(Beginning of GIVEN INFORMATION)
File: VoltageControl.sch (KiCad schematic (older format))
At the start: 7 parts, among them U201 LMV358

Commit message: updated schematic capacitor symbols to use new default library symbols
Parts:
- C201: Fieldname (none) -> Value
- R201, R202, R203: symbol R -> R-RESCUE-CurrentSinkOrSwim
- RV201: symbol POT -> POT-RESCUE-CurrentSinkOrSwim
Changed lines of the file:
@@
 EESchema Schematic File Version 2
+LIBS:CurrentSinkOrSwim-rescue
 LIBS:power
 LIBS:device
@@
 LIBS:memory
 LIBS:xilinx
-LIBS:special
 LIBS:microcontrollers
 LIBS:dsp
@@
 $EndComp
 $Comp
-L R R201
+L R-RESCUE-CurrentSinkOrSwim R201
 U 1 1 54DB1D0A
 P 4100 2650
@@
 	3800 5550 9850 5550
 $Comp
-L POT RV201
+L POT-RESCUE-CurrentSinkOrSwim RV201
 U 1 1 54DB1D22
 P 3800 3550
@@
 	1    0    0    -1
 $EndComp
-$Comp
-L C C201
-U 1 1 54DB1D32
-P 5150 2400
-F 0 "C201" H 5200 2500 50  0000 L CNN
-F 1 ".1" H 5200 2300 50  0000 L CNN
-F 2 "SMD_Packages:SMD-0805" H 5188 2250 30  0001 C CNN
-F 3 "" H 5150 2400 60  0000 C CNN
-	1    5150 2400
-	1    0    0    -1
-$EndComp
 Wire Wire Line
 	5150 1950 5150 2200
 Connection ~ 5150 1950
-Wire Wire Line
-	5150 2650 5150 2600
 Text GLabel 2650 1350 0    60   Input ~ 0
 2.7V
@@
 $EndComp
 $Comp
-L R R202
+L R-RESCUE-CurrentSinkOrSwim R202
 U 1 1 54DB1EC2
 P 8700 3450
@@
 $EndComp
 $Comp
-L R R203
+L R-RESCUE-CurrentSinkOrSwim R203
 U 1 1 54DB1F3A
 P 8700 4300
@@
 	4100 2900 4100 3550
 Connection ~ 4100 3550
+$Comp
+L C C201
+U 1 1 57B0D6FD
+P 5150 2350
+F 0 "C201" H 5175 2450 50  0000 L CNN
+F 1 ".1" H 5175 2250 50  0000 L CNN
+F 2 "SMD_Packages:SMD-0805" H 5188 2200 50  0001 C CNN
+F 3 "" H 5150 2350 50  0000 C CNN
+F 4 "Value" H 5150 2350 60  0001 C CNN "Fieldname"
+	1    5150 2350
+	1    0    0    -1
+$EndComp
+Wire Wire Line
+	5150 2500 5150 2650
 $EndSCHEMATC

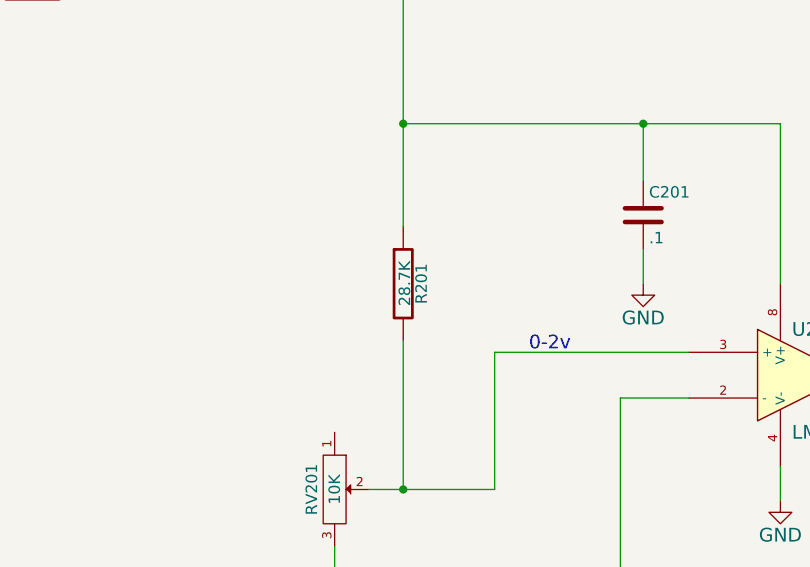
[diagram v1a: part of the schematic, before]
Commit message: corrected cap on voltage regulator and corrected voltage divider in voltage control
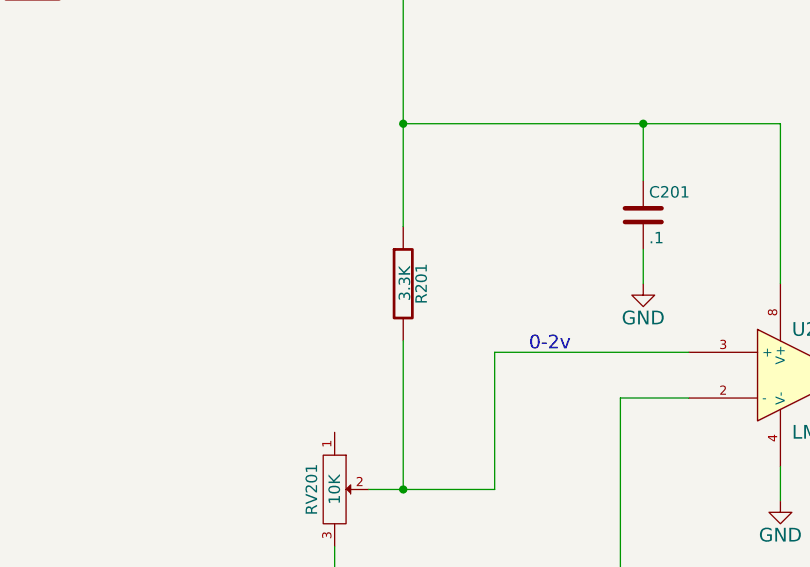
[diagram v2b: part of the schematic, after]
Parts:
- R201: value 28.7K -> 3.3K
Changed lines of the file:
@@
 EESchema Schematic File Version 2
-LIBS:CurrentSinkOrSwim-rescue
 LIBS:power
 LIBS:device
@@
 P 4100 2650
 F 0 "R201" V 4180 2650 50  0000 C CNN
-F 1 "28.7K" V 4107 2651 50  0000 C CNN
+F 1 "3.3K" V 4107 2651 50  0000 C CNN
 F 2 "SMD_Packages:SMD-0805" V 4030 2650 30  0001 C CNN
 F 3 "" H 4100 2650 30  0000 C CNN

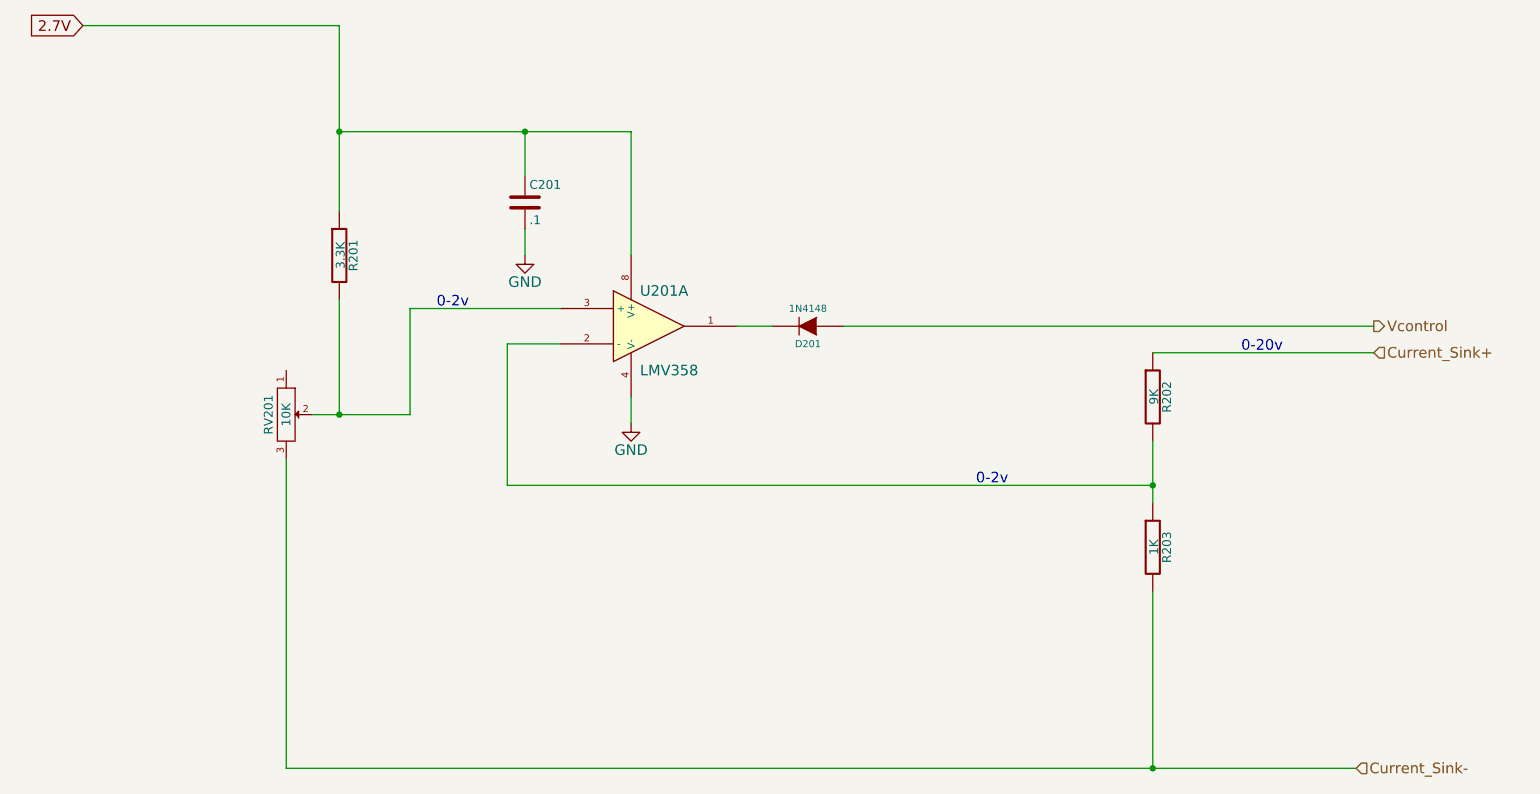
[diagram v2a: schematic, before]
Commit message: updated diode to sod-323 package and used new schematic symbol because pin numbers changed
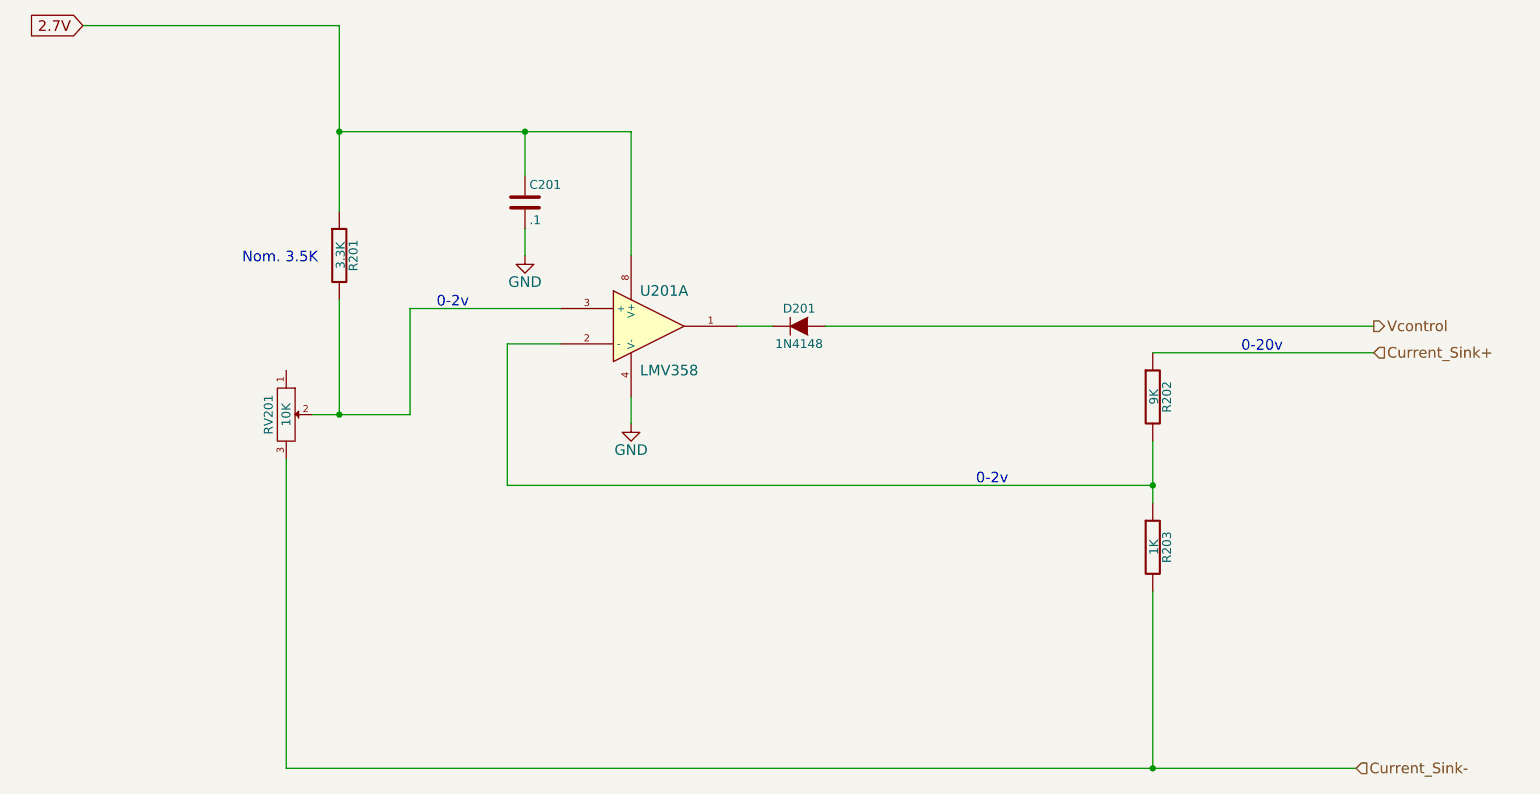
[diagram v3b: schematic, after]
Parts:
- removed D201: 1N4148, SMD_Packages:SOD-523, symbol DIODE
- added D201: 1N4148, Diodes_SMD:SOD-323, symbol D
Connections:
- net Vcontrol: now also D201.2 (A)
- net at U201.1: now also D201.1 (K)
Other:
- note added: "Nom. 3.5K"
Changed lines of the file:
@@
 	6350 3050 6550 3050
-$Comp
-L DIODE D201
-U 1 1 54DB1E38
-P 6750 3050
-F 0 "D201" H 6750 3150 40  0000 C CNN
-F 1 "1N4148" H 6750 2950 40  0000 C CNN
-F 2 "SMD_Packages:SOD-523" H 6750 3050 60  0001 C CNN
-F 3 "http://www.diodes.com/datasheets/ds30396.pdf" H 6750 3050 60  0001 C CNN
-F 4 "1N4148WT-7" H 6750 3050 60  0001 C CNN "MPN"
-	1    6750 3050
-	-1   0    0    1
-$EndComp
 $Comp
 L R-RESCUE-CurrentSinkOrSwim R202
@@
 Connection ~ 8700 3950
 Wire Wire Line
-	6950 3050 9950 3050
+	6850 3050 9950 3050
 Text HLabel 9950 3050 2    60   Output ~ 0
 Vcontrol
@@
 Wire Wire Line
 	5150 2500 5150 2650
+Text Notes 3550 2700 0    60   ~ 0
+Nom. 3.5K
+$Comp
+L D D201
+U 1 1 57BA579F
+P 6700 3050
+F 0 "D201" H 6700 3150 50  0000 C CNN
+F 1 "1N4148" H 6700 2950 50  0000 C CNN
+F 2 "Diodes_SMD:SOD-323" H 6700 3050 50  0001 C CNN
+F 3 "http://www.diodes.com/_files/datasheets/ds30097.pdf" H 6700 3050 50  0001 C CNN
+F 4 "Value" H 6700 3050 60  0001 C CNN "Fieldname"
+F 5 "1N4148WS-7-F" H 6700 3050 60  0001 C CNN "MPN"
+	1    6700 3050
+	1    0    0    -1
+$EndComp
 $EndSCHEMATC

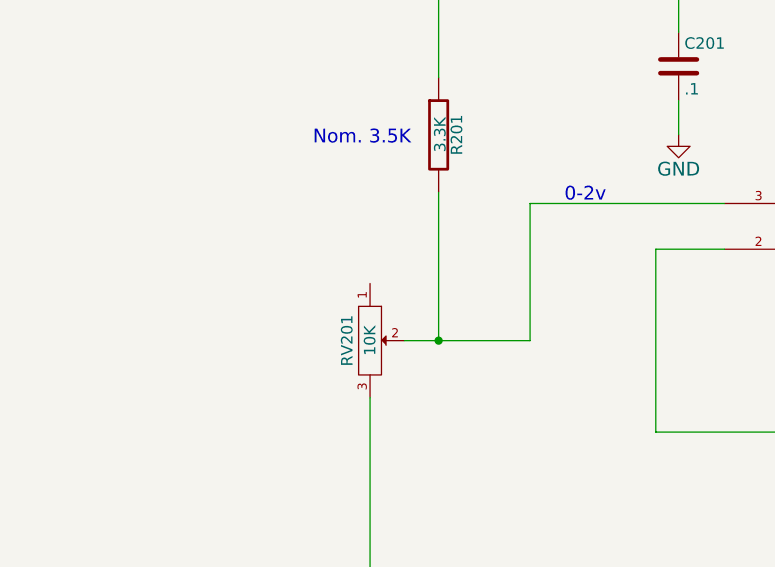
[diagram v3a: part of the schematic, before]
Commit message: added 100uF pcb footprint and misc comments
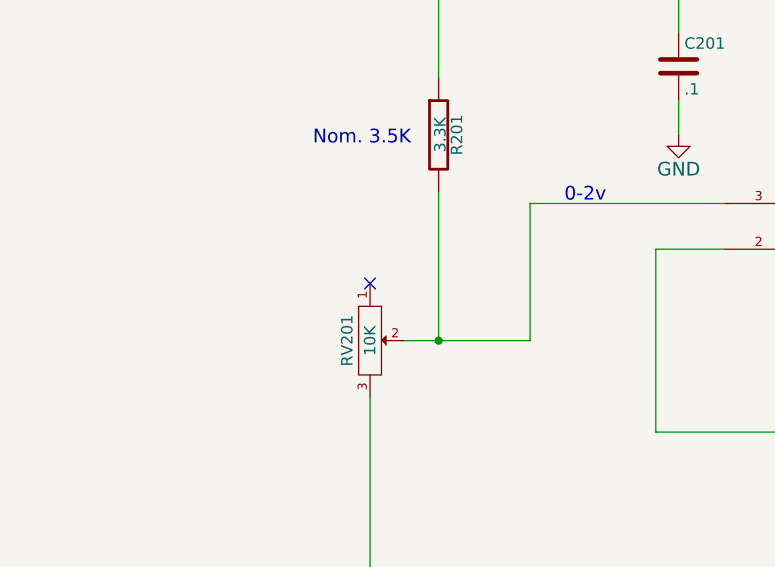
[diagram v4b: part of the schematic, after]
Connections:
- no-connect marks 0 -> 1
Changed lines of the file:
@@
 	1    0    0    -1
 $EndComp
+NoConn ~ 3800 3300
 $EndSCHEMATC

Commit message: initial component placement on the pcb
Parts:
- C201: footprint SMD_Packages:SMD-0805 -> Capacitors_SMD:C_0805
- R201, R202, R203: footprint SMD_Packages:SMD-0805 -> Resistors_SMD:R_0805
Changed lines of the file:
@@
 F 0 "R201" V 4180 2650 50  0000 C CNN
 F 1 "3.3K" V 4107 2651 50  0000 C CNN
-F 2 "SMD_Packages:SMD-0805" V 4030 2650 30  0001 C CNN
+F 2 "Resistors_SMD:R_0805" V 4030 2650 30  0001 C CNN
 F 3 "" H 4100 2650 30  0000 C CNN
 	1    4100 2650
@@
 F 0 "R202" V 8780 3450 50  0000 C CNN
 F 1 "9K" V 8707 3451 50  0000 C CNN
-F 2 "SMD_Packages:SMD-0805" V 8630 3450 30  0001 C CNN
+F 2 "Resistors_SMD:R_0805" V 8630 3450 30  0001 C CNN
(End of GIVEN INFORMATION)
**TASK DIRECTIONS:** Go through the entries above and print each one exactly, minus the pictures.

**ANSWER BELOW:**
File: VoltageControl.sch (KiCad schematic (older format))
At the start: 7 parts, among them U201 LMV358

Commit message: updated schematic capacitor symbols to use new default library symbols
Parts:
- C201: Fieldname (none) -> Value
- R201, R202, R203: symbol R -> R-RESCUE-CurrentSinkOrSwim
- RV201: symbol POT -> POT-RESCUE-CurrentSinkOrSwim
Changed lines of the file:
@@
 EESchema Schematic File Version 2
+LIBS:CurrentSinkOrSwim-rescue
 LIBS:power
 LIBS:device
@@
 LIBS:memory
 LIBS:xilinx
-LIBS:special
 LIBS:microcontrollers
 LIBS:dsp
@@
 $EndComp
 $Comp
-L R R201
+L R-RESCUE-CurrentSinkOrSwim R201
 U 1 1 54DB1D0A
 P 4100 2650
@@
 	3800 5550 9850 5550
 $Comp
-L POT RV201
+L POT-RESCUE-CurrentSinkOrSwim RV201
 U 1 1 54DB1D22
 P 3800 3550
@@
 	1    0    0    -1
 $EndComp
-$Comp
-L C C201
-U 1 1 54DB1D32
-P 5150 2400
-F 0 "C201" H 5200 2500 50  0000 L CNN
-F 1 ".1" H 5200 2300 50  0000 L CNN
-F 2 "SMD_Packages:SMD-0805" H 5188 2250 30  0001 C CNN
-F 3 "" H 5150 2400 60  0000 C CNN
-	1    5150 2400
-	1    0    0    -1
-$EndComp
 Wire Wire Line
 	5150 1950 5150 2200
 Connection ~ 5150 1950
-Wire Wire Line
-	5150 2650 5150 2600
 Text GLabel 2650 1350 0    60   Input ~ 0
 2.7V
@@
 $EndComp
 $Comp
-L R R202
+L R-RESCUE-CurrentSinkOrSwim R202
 U 1 1 54DB1EC2
 P 8700 3450
@@
 $EndComp
 $Comp
-L R R203
+L R-RESCUE-CurrentSinkOrSwim R203
 U 1 1 54DB1F3A
 P 8700 4300
@@
 	4100 2900 4100 3550
 Connection ~ 4100 3550
+$Comp
+L C C201
+U 1 1 57B0D6FD
+P 5150 2350
+F 0 "C201" H 5175 2450 50  0000 L CNN
+F 1 ".1" H 5175 2250 50  0000 L CNN
+F 2 "SMD_Packages:SMD-0805" H 5188 2200 50  0001 C CNN
+F 3 "" H 5150 2350 50  0000 C CNN
+F 4 "Value" H 5150 2350 60  0001 C CNN "Fieldname"
+	1    5150 2350
+	1    0    0    -1
+$EndComp
+Wire Wire Line
+	5150 2500 5150 2650
 $EndSCHEMATC

[diagram v1a: part of the schematic, before]
Commit message: corrected cap on voltage regulator and corrected voltage divider in voltage control
[diagram v2b: part of the schematic, after]
Parts:
- R201: value 28.7K -> 3.3K
Changed lines of the file:
@@
 EESchema Schematic File Version 2
-LIBS:CurrentSinkOrSwim-rescue
 LIBS:power
 LIBS:device
@@
 P 4100 2650
 F 0 "R201" V 4180 2650 50  0000 C CNN
-F 1 "28.7K" V 4107 2651 50  0000 C CNN
+F 1 "3.3K" V 4107 2651 50  0000 C CNN
 F 2 "SMD_Packages:SMD-0805" V 4030 2650 30  0001 C CNN
 F 3 "" H 4100 2650 30  0000 C CNN

[diagram v2a: schematic, before]
Commit message: updated diode to sod-323 package and used new schematic symbol because pin numbers changed
[diagram v3b: schematic, after]
Parts:
- removed D201: 1N4148, SMD_Packages:SOD-523, symbol DIODE
- added D201: 1N4148, Diodes_SMD:SOD-323, symbol D
Connections:
- net Vcontrol: now also D201.2 (A)
- net at U201.1: now also D201.1 (K)
Other:
- note added: "Nom. 3.5K"
Changed lines of the file:
@@
 	6350 3050 6550 3050
-$Comp
-L DIODE D201
-U 1 1 54DB1E38
-P 6750 3050
-F 0 "D201" H 6750 3150 40  0000 C CNN
-F 1 "1N4148" H 6750 2950 40  0000 C CNN
-F 2 "SMD_Packages:SOD-523" H 6750 3050 60  0001 C CNN
-F 3 "http://www.diodes.com/datasheets/ds30396.pdf" H 6750 3050 60  0001 C CNN
-F 4 "1N4148WT-7" H 6750 3050 60  0001 C CNN "MPN"
-	1    6750 3050
-	-1   0    0    1
-$EndComp
 $Comp
 L R-RESCUE-CurrentSinkOrSwim R202
@@
 Connection ~ 8700 3950
 Wire Wire Line
-	6950 3050 9950 3050
+	6850 3050 9950 3050
 Text HLabel 9950 3050 2    60   Output ~ 0
 Vcontrol
@@
 Wire Wire Line
 	5150 2500 5150 2650
+Text Notes 3550 2700 0    60   ~ 0
+Nom. 3.5K
+$Comp
+L D D201
+U 1 1 57BA579F
+P 6700 3050
+F 0 "D201" H 6700 3150 50  0000 C CNN
+F 1 "1N4148" H 6700 2950 50  0000 C CNN
+F 2 "Diodes_SMD:SOD-323" H 6700 3050 50  0001 C CNN
+F 3 "http://www.diodes.com/_files/datasheets/ds30097.pdf" H 6700 3050 50  0001 C CNN
+F 4 "Value" H 6700 3050 60  0001 C CNN "Fieldname"
+F 5 "1N4148WS-7-F" H 6700 3050 60  0001 C CNN "MPN"
+	1    6700 3050
+	1    0    0    -1
+$EndComp
 $EndSCHEMATC

[diagram v3a: part of the schematic, before]
Commit message: added 100uF pcb footprint and misc comments
[diagram v4b: part of the schematic, after]
Connections:
- no-connect marks 0 -> 1
Changed lines of the file:
@@
 	1    0    0    -1
 $EndComp
+NoConn ~ 3800 3300
 $EndSCHEMATC

Commit message: initial component placement on the pcb
Parts:
- C201: footprint SMD_Packages:SMD-0805 -> Capacitors_SMD:C_0805
- R201, R202, R203: footprint SMD_Packages:SMD-0805 -> Resistors_SMD:R_0805
Changed lines of the file:
@@
 F 0 "R201" V 4180 2650 50  0000 C CNN
 F 1 "3.3K" V 4107 2651 50  0000 C CNN
-F 2 "SMD_Packages:SMD-0805" V 4030 2650 30  0001 C CNN
+F 2 "Resistors_SMD:R_0805" V 4030 2650 30  0001 C CNN
 F 3 "" H 4100 2650 30  0000 C CNN
 	1    4100 2650
@@
 F 0 "R202" V 8780 3450 50  0000 C CNN
 F 1 "9K" V 8707 3451 50  0000 C CNN
-F 2 "SMD_Packages:SMD-0805" V 8630 3450 30  0001 C CNN
+F 2 "Resistors_SMD:R_0805" V 8630 3450 30  0001 C CNN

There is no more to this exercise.